(GIVEN INFORMATION)
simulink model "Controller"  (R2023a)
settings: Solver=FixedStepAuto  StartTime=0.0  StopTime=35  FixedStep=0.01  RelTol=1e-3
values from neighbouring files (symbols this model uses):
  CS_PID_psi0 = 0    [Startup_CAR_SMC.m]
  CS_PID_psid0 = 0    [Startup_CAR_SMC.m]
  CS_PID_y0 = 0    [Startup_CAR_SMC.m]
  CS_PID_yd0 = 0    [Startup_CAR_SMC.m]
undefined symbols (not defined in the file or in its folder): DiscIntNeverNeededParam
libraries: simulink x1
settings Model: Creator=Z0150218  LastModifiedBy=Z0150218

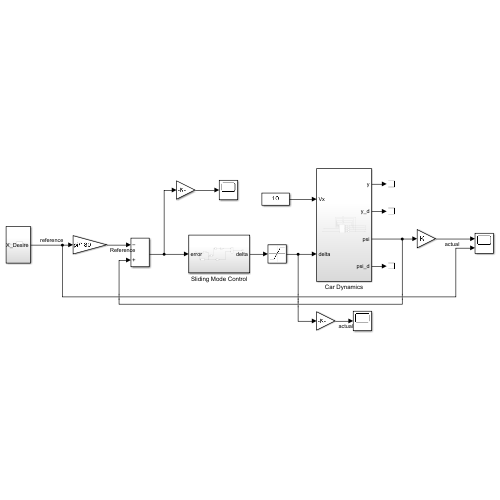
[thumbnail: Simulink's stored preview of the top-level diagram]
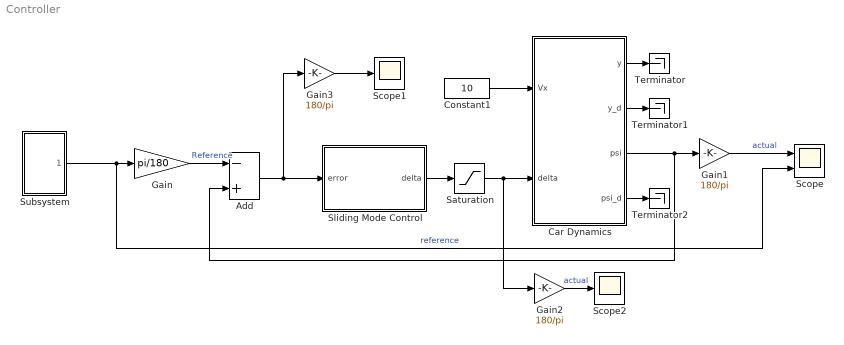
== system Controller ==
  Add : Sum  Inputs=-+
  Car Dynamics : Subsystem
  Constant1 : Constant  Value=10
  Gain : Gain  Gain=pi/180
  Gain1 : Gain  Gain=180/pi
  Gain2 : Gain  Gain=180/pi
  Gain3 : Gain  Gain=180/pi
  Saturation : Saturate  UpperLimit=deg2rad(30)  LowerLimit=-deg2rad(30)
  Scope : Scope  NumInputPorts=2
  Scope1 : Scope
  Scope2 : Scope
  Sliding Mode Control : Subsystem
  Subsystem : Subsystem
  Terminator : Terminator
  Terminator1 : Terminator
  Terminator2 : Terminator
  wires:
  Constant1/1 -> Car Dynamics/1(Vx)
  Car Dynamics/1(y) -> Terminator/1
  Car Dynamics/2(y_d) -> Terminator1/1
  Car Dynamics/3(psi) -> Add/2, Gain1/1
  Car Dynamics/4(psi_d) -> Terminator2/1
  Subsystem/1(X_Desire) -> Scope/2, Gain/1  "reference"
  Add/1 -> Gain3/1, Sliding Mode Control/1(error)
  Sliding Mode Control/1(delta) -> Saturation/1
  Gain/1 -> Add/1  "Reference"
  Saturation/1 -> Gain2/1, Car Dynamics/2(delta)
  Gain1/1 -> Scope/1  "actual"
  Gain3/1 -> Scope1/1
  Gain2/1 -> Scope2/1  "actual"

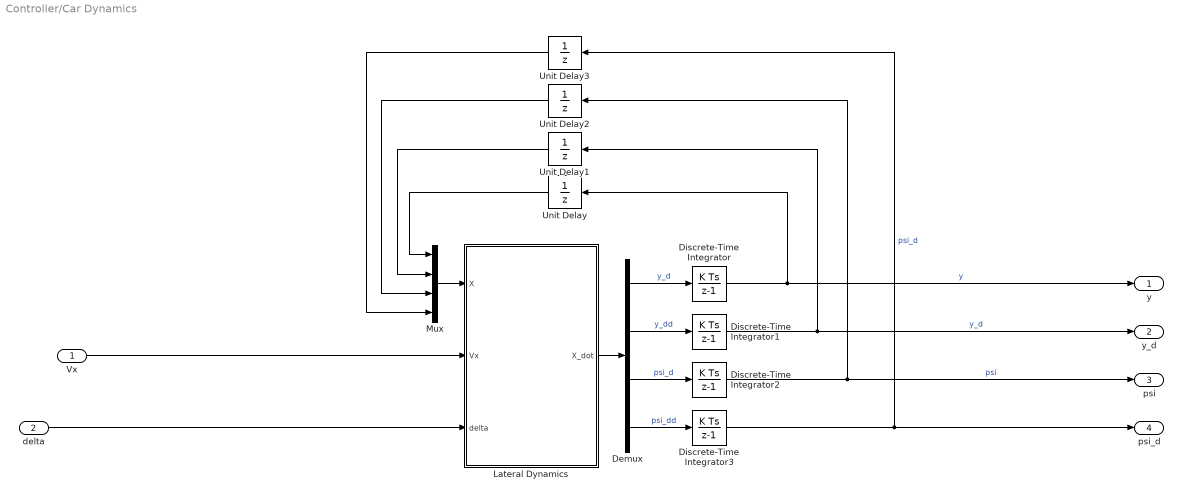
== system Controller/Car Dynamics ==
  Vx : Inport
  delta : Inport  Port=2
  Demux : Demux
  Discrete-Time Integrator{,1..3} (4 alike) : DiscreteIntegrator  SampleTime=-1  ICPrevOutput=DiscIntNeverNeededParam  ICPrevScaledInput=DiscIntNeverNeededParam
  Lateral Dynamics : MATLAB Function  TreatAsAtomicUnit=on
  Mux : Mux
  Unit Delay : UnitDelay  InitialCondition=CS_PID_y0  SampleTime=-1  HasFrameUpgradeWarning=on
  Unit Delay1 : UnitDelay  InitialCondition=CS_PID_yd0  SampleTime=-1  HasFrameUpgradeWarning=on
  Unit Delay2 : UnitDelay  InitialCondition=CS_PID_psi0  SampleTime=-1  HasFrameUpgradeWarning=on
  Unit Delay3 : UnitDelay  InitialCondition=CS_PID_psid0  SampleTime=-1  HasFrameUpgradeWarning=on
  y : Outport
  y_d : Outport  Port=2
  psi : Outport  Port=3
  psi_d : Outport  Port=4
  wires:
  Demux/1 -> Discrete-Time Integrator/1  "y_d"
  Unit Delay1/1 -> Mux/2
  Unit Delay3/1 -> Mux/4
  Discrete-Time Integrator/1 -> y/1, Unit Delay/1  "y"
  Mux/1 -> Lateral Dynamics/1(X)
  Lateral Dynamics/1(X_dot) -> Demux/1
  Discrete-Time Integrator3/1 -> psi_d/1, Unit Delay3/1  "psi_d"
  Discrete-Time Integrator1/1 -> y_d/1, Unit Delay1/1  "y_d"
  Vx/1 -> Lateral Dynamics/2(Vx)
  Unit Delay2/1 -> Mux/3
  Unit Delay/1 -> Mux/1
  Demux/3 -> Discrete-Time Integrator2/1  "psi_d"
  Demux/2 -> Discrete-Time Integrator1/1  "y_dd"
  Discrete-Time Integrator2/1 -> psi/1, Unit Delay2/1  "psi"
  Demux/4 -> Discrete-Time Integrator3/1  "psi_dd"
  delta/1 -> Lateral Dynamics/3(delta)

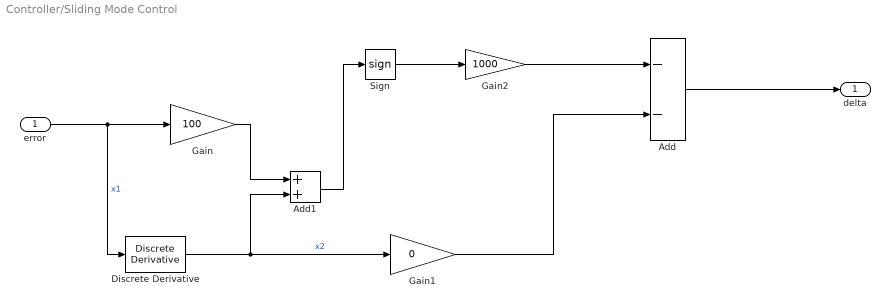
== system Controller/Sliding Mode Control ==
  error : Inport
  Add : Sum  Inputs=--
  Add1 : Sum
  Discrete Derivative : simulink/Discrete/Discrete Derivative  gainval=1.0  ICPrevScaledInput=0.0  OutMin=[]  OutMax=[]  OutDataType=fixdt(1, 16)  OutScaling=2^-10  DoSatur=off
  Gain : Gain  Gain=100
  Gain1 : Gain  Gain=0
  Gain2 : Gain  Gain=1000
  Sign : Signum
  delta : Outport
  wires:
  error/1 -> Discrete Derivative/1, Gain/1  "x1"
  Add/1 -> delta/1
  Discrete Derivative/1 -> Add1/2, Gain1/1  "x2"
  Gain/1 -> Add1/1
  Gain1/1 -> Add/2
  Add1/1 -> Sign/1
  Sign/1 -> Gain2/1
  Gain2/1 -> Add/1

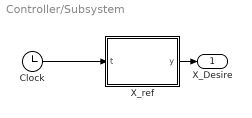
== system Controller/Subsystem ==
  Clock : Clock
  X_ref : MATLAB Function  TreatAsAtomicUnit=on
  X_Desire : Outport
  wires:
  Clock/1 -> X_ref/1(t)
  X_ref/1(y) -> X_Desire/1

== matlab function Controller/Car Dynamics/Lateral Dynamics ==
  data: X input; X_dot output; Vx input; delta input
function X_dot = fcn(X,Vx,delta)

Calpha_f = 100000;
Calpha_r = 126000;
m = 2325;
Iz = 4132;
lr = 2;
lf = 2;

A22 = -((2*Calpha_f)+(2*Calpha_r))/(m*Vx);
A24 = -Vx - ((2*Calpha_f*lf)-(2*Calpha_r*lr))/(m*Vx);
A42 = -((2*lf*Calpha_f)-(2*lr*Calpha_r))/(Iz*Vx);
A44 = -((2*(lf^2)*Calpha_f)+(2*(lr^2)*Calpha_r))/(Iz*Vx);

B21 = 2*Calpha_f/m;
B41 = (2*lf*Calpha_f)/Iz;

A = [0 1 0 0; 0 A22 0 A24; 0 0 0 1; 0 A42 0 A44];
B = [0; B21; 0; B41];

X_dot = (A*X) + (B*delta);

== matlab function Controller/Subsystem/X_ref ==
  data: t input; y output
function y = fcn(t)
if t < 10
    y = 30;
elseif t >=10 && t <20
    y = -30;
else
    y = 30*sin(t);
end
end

(WORK TO COMPLETE)
Pictures do not belong in the copy. Output all of the records exactly.

(RESPONSE AREA)
simulink model "Controller"  (R2023a)
settings: Solver=FixedStepAuto  StartTime=0.0  StopTime=35  FixedStep=0.01  RelTol=1e-3
values from neighbouring files (symbols this model uses):
  CS_PID_psi0 = 0    [Startup_CAR_SMC.m]
  CS_PID_psid0 = 0    [Startup_CAR_SMC.m]
  CS_PID_y0 = 0    [Startup_CAR_SMC.m]
  CS_PID_yd0 = 0    [Startup_CAR_SMC.m]
undefined symbols (not defined in the file or in its folder): DiscIntNeverNeededParam
libraries: simulink x1
settings Model: Creator=Z0150218  LastModifiedBy=Z0150218

[thumbnail: Simulink's stored preview of the top-level diagram]
== system Controller ==
  Add : Sum  Inputs=-+
  Car Dynamics : Subsystem
  Constant1 : Constant  Value=10
  Gain : Gain  Gain=pi/180
  Gain1 : Gain  Gain=180/pi
  Gain2 : Gain  Gain=180/pi
  Gain3 : Gain  Gain=180/pi
  Saturation : Saturate  UpperLimit=deg2rad(30)  LowerLimit=-deg2rad(30)
  Scope : Scope  NumInputPorts=2
  Scope1 : Scope
  Scope2 : Scope
  Sliding Mode Control : Subsystem
  Subsystem : Subsystem
  Terminator : Terminator
  Terminator1 : Terminator
  Terminator2 : Terminator
  wires:
  Constant1/1 -> Car Dynamics/1(Vx)
  Car Dynamics/1(y) -> Terminator/1
  Car Dynamics/2(y_d) -> Terminator1/1
  Car Dynamics/3(psi) -> Add/2, Gain1/1
  Car Dynamics/4(psi_d) -> Terminator2/1
  Subsystem/1(X_Desire) -> Scope/2, Gain/1  "reference"
  Add/1 -> Gain3/1, Sliding Mode Control/1(error)
  Sliding Mode Control/1(delta) -> Saturation/1
  Gain/1 -> Add/1  "Reference"
  Saturation/1 -> Gain2/1, Car Dynamics/2(delta)
  Gain1/1 -> Scope/1  "actual"
  Gain3/1 -> Scope1/1
  Gain2/1 -> Scope2/1  "actual"

== system Controller/Car Dynamics ==
  Vx : Inport
  delta : Inport  Port=2
  Demux : Demux
  Discrete-Time Integrator{,1..3} (4 alike) : DiscreteIntegrator  SampleTime=-1  ICPrevOutput=DiscIntNeverNeededParam  ICPrevScaledInput=DiscIntNeverNeededParam
  Lateral Dynamics : MATLAB Function  TreatAsAtomicUnit=on
  Mux : Mux
  Unit Delay : UnitDelay  InitialCondition=CS_PID_y0  SampleTime=-1  HasFrameUpgradeWarning=on
  Unit Delay1 : UnitDelay  InitialCondition=CS_PID_yd0  SampleTime=-1  HasFrameUpgradeWarning=on
  Unit Delay2 : UnitDelay  InitialCondition=CS_PID_psi0  SampleTime=-1  HasFrameUpgradeWarning=on
  Unit Delay3 : UnitDelay  InitialCondition=CS_PID_psid0  SampleTime=-1  HasFrameUpgradeWarning=on
  y : Outport
  y_d : Outport  Port=2
  psi : Outport  Port=3
  psi_d : Outport  Port=4
  wires:
  Demux/1 -> Discrete-Time Integrator/1  "y_d"
  Unit Delay1/1 -> Mux/2
  Unit Delay3/1 -> Mux/4
  Discrete-Time Integrator/1 -> y/1, Unit Delay/1  "y"
  Mux/1 -> Lateral Dynamics/1(X)
  Lateral Dynamics/1(X_dot) -> Demux/1
  Discrete-Time Integrator3/1 -> psi_d/1, Unit Delay3/1  "psi_d"
  Discrete-Time Integrator1/1 -> y_d/1, Unit Delay1/1  "y_d"
  Vx/1 -> Lateral Dynamics/2(Vx)
  Unit Delay2/1 -> Mux/3
  Unit Delay/1 -> Mux/1
  Demux/3 -> Discrete-Time Integrator2/1  "psi_d"
  Demux/2 -> Discrete-Time Integrator1/1  "y_dd"
  Discrete-Time Integrator2/1 -> psi/1, Unit Delay2/1  "psi"
  Demux/4 -> Discrete-Time Integrator3/1  "psi_dd"
  delta/1 -> Lateral Dynamics/3(delta)

== system Controller/Sliding Mode Control ==
  error : Inport
  Add : Sum  Inputs=--
  Add1 : Sum
  Discrete Derivative : simulink/Discrete/Discrete Derivative  gainval=1.0  ICPrevScaledInput=0.0  OutMin=[]  OutMax=[]  OutDataType=fixdt(1, 16)  OutScaling=2^-10  DoSatur=off
  Gain : Gain  Gain=100
  Gain1 : Gain  Gain=0
  Gain2 : Gain  Gain=1000
  Sign : Signum
  delta : Outport
  wires:
  error/1 -> Discrete Derivative/1, Gain/1  "x1"
  Add/1 -> delta/1
  Discrete Derivative/1 -> Add1/2, Gain1/1  "x2"
  Gain/1 -> Add1/1
  Gain1/1 -> Add/2
  Add1/1 -> Sign/1
  Sign/1 -> Gain2/1
  Gain2/1 -> Add/1

== system Controller/Subsystem ==
  Clock : Clock
  X_ref : MATLAB Function  TreatAsAtomicUnit=on
  X_Desire : Outport
  wires:
  Clock/1 -> X_ref/1(t)
  X_ref/1(y) -> X_Desire/1

== matlab function Controller/Car Dynamics/Lateral Dynamics ==
  data: X input; X_dot output; Vx input; delta input
function X_dot = fcn(X,Vx,delta)

Calpha_f = 100000;
Calpha_r = 126000;
m = 2325;
Iz = 4132;
lr = 2;
lf = 2;

A22 = -((2*Calpha_f)+(2*Calpha_r))/(m*Vx);
A24 = -Vx - ((2*Calpha_f*lf)-(2*Calpha_r*lr))/(m*Vx);
A42 = -((2*lf*Calpha_f)-(2*lr*Calpha_r))/(Iz*Vx);
A44 = -((2*(lf^2)*Calpha_f)+(2*(lr^2)*Calpha_r))/(Iz*Vx);

B21 = 2*Calpha_f/m;
B41 = (2*lf*Calpha_f)/Iz;

A = [0 1 0 0; 0 A22 0 A24; 0 0 0 1; 0 A42 0 A44];
B = [0; B21; 0; B41];

X_dot = (A*X) + (B*delta);

== matlab function Controller/Subsystem/X_ref ==
  data: t input; y output
function y = fcn(t)
if t < 10
    y = 30;
elseif t >=10 && t <20
    y = -30;
else
    y = 30*sin(t);
end
end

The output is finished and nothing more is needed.